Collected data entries
###

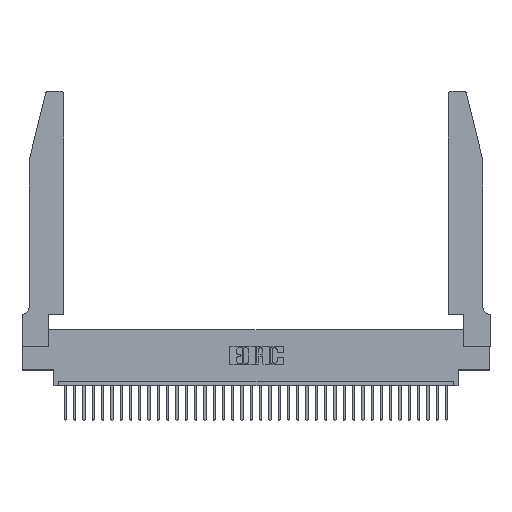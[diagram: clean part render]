
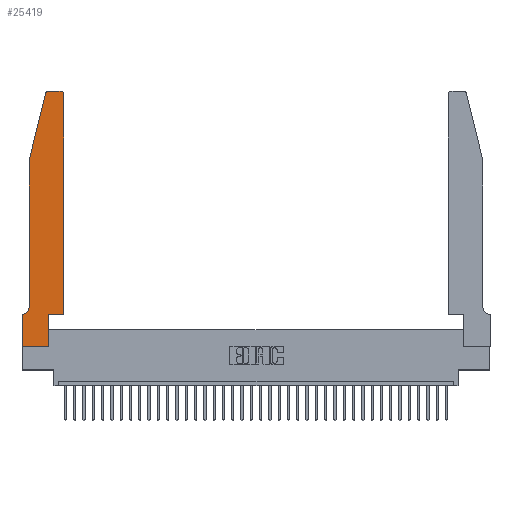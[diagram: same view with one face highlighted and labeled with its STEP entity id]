
A CAD part, top view. The second image highlights one B-rep face of the part: STEP entity #25419.
In plain terms, the highlighted planar face has unit normal (0, 0, 1).
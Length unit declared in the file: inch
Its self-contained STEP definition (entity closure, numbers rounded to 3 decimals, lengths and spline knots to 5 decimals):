
#777 = CARTESIAN_POINT ( 'NONE',  ( 0.0755, 2., 0.37 ) ) ;
#1209 = VERTEX_POINT ( 'NONE', #23298 ) ;
#1685 = EDGE_CURVE ( 'NONE', #29856, #35666, #13352, .T. ) ;
#1916 = DIRECTION ( 'NONE',  ( 1., 0., 0. ) ) ;
#2762 = VECTOR ( 'NONE', #28416, 39.37008 ) ;
#3010 = CARTESIAN_POINT ( 'NONE',  ( 0.4505, 0.35, 0.37 ) ) ;
#3926 = ORIENTED_EDGE ( 'NONE', *, *, #17595, .T. ) ;
#4044 = CARTESIAN_POINT ( 'NONE',  ( 0.0055, 0.42, 0.37 ) ) ;
#4310 = FACE_OUTER_BOUND ( 'NONE', #30267, .T. ) ;
#4576 = CARTESIAN_POINT ( 'NONE',  ( 0.4505, 0.35, 0.37 ) ) ;
#4663 = DIRECTION ( 'NONE',  ( 0., -1., 0. ) ) ;
#4969 = LINE ( 'NONE', #20030, #2762 ) ;
#5161 = CARTESIAN_POINT ( 'NONE',  ( 0.0755, 0.42, 0.37 ) ) ;
#5540 = ORIENTED_EDGE ( 'NONE', *, *, #18201, .T. ) ;
#5574 = CARTESIAN_POINT ( 'NONE',  ( 0.25487, 2.72718, 0.37 ) ) ;
#5771 = ORIENTED_EDGE ( 'NONE', *, *, #31081, .T. ) ;
#5965 = EDGE_CURVE ( 'NONE', #26566, #29593, #12957, .T. ) ;
#6902 = VERTEX_POINT ( 'NONE', #5574 ) ;
#7573 = AXIS2_PLACEMENT_3D ( 'NONE', #19168, #22133, #8169 ) ;
#7796 = ORIENTED_EDGE ( 'NONE', *, *, #1685, .T. ) ;
#8052 = CARTESIAN_POINT ( 'NONE',  ( 0.0755, 2., 0.37 ) ) ;
#8089 = CARTESIAN_POINT ( 'NONE',  ( 0.0755, 2., 0.37 ) ) ;
#8169 = DIRECTION ( 'NONE',  ( 1., 0., 0. ) ) ;
#8518 = VERTEX_POINT ( 'NONE', #777 ) ;
#9321 = DIRECTION ( 'NONE',  ( 0., 0., 1. ) ) ;
#9433 = CARTESIAN_POINT ( 'NONE',  ( 0.0055, 0.35, 0.37 ) ) ;
#10064 = VECTOR ( 'NONE', #35960, 39.37008 ) ;
#10461 = CARTESIAN_POINT ( 'NONE',  ( 0.284, 2.75, 0.37 ) ) ;
#11144 = PLANE ( 'NONE',  #7573 ) ;
#11654 = DIRECTION ( 'NONE',  ( 0., 1., 0. ) ) ;
#11740 = EDGE_CURVE ( 'NONE', #14886, #16947, #16744, .T. ) ;
#11799 = VECTOR ( 'NONE', #27163, 39.37008 ) ;
#12254 = VECTOR ( 'NONE', #16765, 39.37008 ) ;
#12536 = EDGE_CURVE ( 'NONE', #35666, #15113, #36100, .T. ) ;
#12860 = AXIS2_PLACEMENT_3D ( 'NONE', #28938, #9321, #17605 ) ;
#12957 = CIRCLE ( 'NONE', #25849, 0.07 ) ;
#13352 = CIRCLE ( 'NONE', #35178, 0.03 ) ;
#13511 = VECTOR ( 'NONE', #4663, 39.37008 ) ;
#13822 = ORIENTED_EDGE ( 'NONE', *, *, #33411, .T. ) ;
#13926 = LINE ( 'NONE', #35757, #13511 ) ;
#14572 = VECTOR ( 'NONE', #11654, 39.37008 ) ;
#14886 = VERTEX_POINT ( 'NONE', #24978 ) ;
#14922 = DIRECTION ( 'NONE',  ( -1., 0., 0. ) ) ;
#15113 = VERTEX_POINT ( 'NONE', #10461 ) ;
#15353 = LINE ( 'NONE', #27098, #10064 ) ;
#15604 = ORIENTED_EDGE ( 'NONE', *, *, #5965, .T. ) ;
#16744 = LINE ( 'NONE', #26573, #18536 ) ;
#16765 = DIRECTION ( 'NONE',  ( -1., 0., 0. ) ) ;
#16947 = VERTEX_POINT ( 'NONE', #34017 ) ;
#17512 = EDGE_CURVE ( 'NONE', #8518, #26566, #27426, .T. ) ;
#17595 = EDGE_CURVE ( 'NONE', #22846, #29856, #20803, .T. ) ;
#17605 = DIRECTION ( 'NONE',  ( 1., 0., 0. ) ) ;
#18170 = ORIENTED_EDGE ( 'NONE', *, *, #29479, .T. ) ;
#18201 = EDGE_CURVE ( 'NONE', #6902, #8518, #35728, .T. ) ;
#18428 = LINE ( 'NONE', #4576, #11799 ) ;
#18536 = VECTOR ( 'NONE', #1916, 39.37008 ) ;
#19168 = CARTESIAN_POINT ( 'NONE',  ( 0., 0.35, 0.37 ) ) ;
#19591 = DIRECTION ( 'NONE',  ( 1., 0., 0. ) ) ;
#19714 = CARTESIAN_POINT ( 'NONE',  ( 0.2605, 2.75, 0.37 ) ) ;
#20030 = CARTESIAN_POINT ( 'NONE',  ( 0.0755, 0.35, 0.37 ) ) ;
#20803 = LINE ( 'NONE', #3010, #14572 ) ;
#21701 = VECTOR ( 'NONE', #25242, 39.37008 ) ;
#22133 = DIRECTION ( 'NONE',  ( 0., 0., 1. ) ) ;
#22846 = VERTEX_POINT ( 'NONE', #29443 ) ;
#23298 = CARTESIAN_POINT ( 'NONE',  ( 0., 0.35, 0.37 ) ) ;
#24202 = VERTEX_POINT ( 'NONE', #27527 ) ;
#24769 = ORIENTED_EDGE ( 'NONE', *, *, #12536, .T. ) ;
#24978 = CARTESIAN_POINT ( 'NONE',  ( 0., 0., 0.37 ) ) ;
#25242 = DIRECTION ( 'NONE',  ( 0., -1., 0. ) ) ;
#25419 = ADVANCED_FACE ( 'NONE', ( #4310 ), #11144, .T. ) ;
#25606 = CARTESIAN_POINT ( 'NONE',  ( 0.4505, 2.72, 0.37 ) ) ;
#25849 = AXIS2_PLACEMENT_3D ( 'NONE', #4044, #26291, #14922 ) ;
#26291 = DIRECTION ( 'NONE',  ( 0., 0., -1. ) ) ;
#26566 = VERTEX_POINT ( 'NONE', #5161 ) ;
#26573 = CARTESIAN_POINT ( 'NONE',  ( 0., 0., 0.37 ) ) ;
#27098 = CARTESIAN_POINT ( 'NONE',  ( 0.2865, 0.35, 0.37 ) ) ;
#27163 = DIRECTION ( 'NONE',  ( 1., 0., 0. ) ) ;
#27426 = LINE ( 'NONE', #8089, #21701 ) ;
#27527 = CARTESIAN_POINT ( 'NONE',  ( 0.2865, 0.35, 0.37 ) ) ;
#27892 = CARTESIAN_POINT ( 'NONE',  ( 0.4205, 2.75, 0.37 ) ) ;
#27991 = CIRCLE ( 'NONE', #12860, 0.03 ) ;
#28416 = DIRECTION ( 'NONE',  ( -1., 0., 0. ) ) ;
#28452 = DIRECTION ( 'NONE',  ( 0., 0., 1. ) ) ;
#28938 = CARTESIAN_POINT ( 'NONE',  ( 0.284, 2.72, 0.37 ) ) ;
#29443 = CARTESIAN_POINT ( 'NONE',  ( 0.4505, 0.35, 0.37 ) ) ;
#29479 = EDGE_CURVE ( 'NONE', #15113, #6902, #27991, .T. ) ;
#29593 = VERTEX_POINT ( 'NONE', #9433 ) ;
#29856 = VERTEX_POINT ( 'NONE', #25606 ) ;
#30267 = EDGE_LOOP ( 'NONE', ( #24769, #18170, #5540, #30278, #15604, #5771, #33661, #34685, #13822, #30782, #3926, #7796 ) ) ;
#30278 = ORIENTED_EDGE ( 'NONE', *, *, #17512, .T. ) ;
#30619 = DIRECTION ( 'NONE',  ( -0.239, -0.971, 0. ) ) ;
#30782 = ORIENTED_EDGE ( 'NONE', *, *, #35568, .T. ) ;
#31081 = EDGE_CURVE ( 'NONE', #29593, #1209, #4969, .T. ) ;
#31168 = CARTESIAN_POINT ( 'NONE',  ( 0.4205, 2.72, 0.37 ) ) ;
#33411 = EDGE_CURVE ( 'NONE', #16947, #24202, #15353, .T. ) ;
#33661 = ORIENTED_EDGE ( 'NONE', *, *, #34224, .T. ) ;
#33958 = VECTOR ( 'NONE', #30619, 39.37008 ) ;
#34017 = CARTESIAN_POINT ( 'NONE',  ( 0.2865, 0., 0.37 ) ) ;
#34224 = EDGE_CURVE ( 'NONE', #1209, #14886, #13926, .T. ) ;
#34685 = ORIENTED_EDGE ( 'NONE', *, *, #11740, .T. ) ;
#35178 = AXIS2_PLACEMENT_3D ( 'NONE', #31168, #28452, #19591 ) ;
#35568 = EDGE_CURVE ( 'NONE', #24202, #22846, #18428, .T. ) ;
#35666 = VERTEX_POINT ( 'NONE', #27892 ) ;
#35728 = LINE ( 'NONE', #8052, #33958 ) ;
#35757 = CARTESIAN_POINT ( 'NONE',  ( 0., 0., 0.37 ) ) ;
#35960 = DIRECTION ( 'NONE',  ( 0., 1., 0. ) ) ;
#36100 = LINE ( 'NONE', #19714, #12254 ) ;

###

_YOUR GOAL_. Scan the entries above for the word "VECTOR", then copy every line in which it occurs.

_PROBLEM SOLUTION_.
#2762 = VECTOR ( 'NONE', #28416, 39.37008 ) ;
#10064 = VECTOR ( 'NONE', #35960, 39.37008 ) ;
#11799 = VECTOR ( 'NONE', #27163, 39.37008 ) ;
#12254 = VECTOR ( 'NONE', #16765, 39.37008 ) ;
#13511 = VECTOR ( 'NONE', #4663, 39.37008 ) ;
#14572 = VECTOR ( 'NONE', #11654, 39.37008 ) ;
#18536 = VECTOR ( 'NONE', #1916, 39.37008 ) ;
#21701 = VECTOR ( 'NONE', #25242, 39.37008 ) ;
#33958 = VECTOR ( 'NONE', #30619, 39.37008 ) ;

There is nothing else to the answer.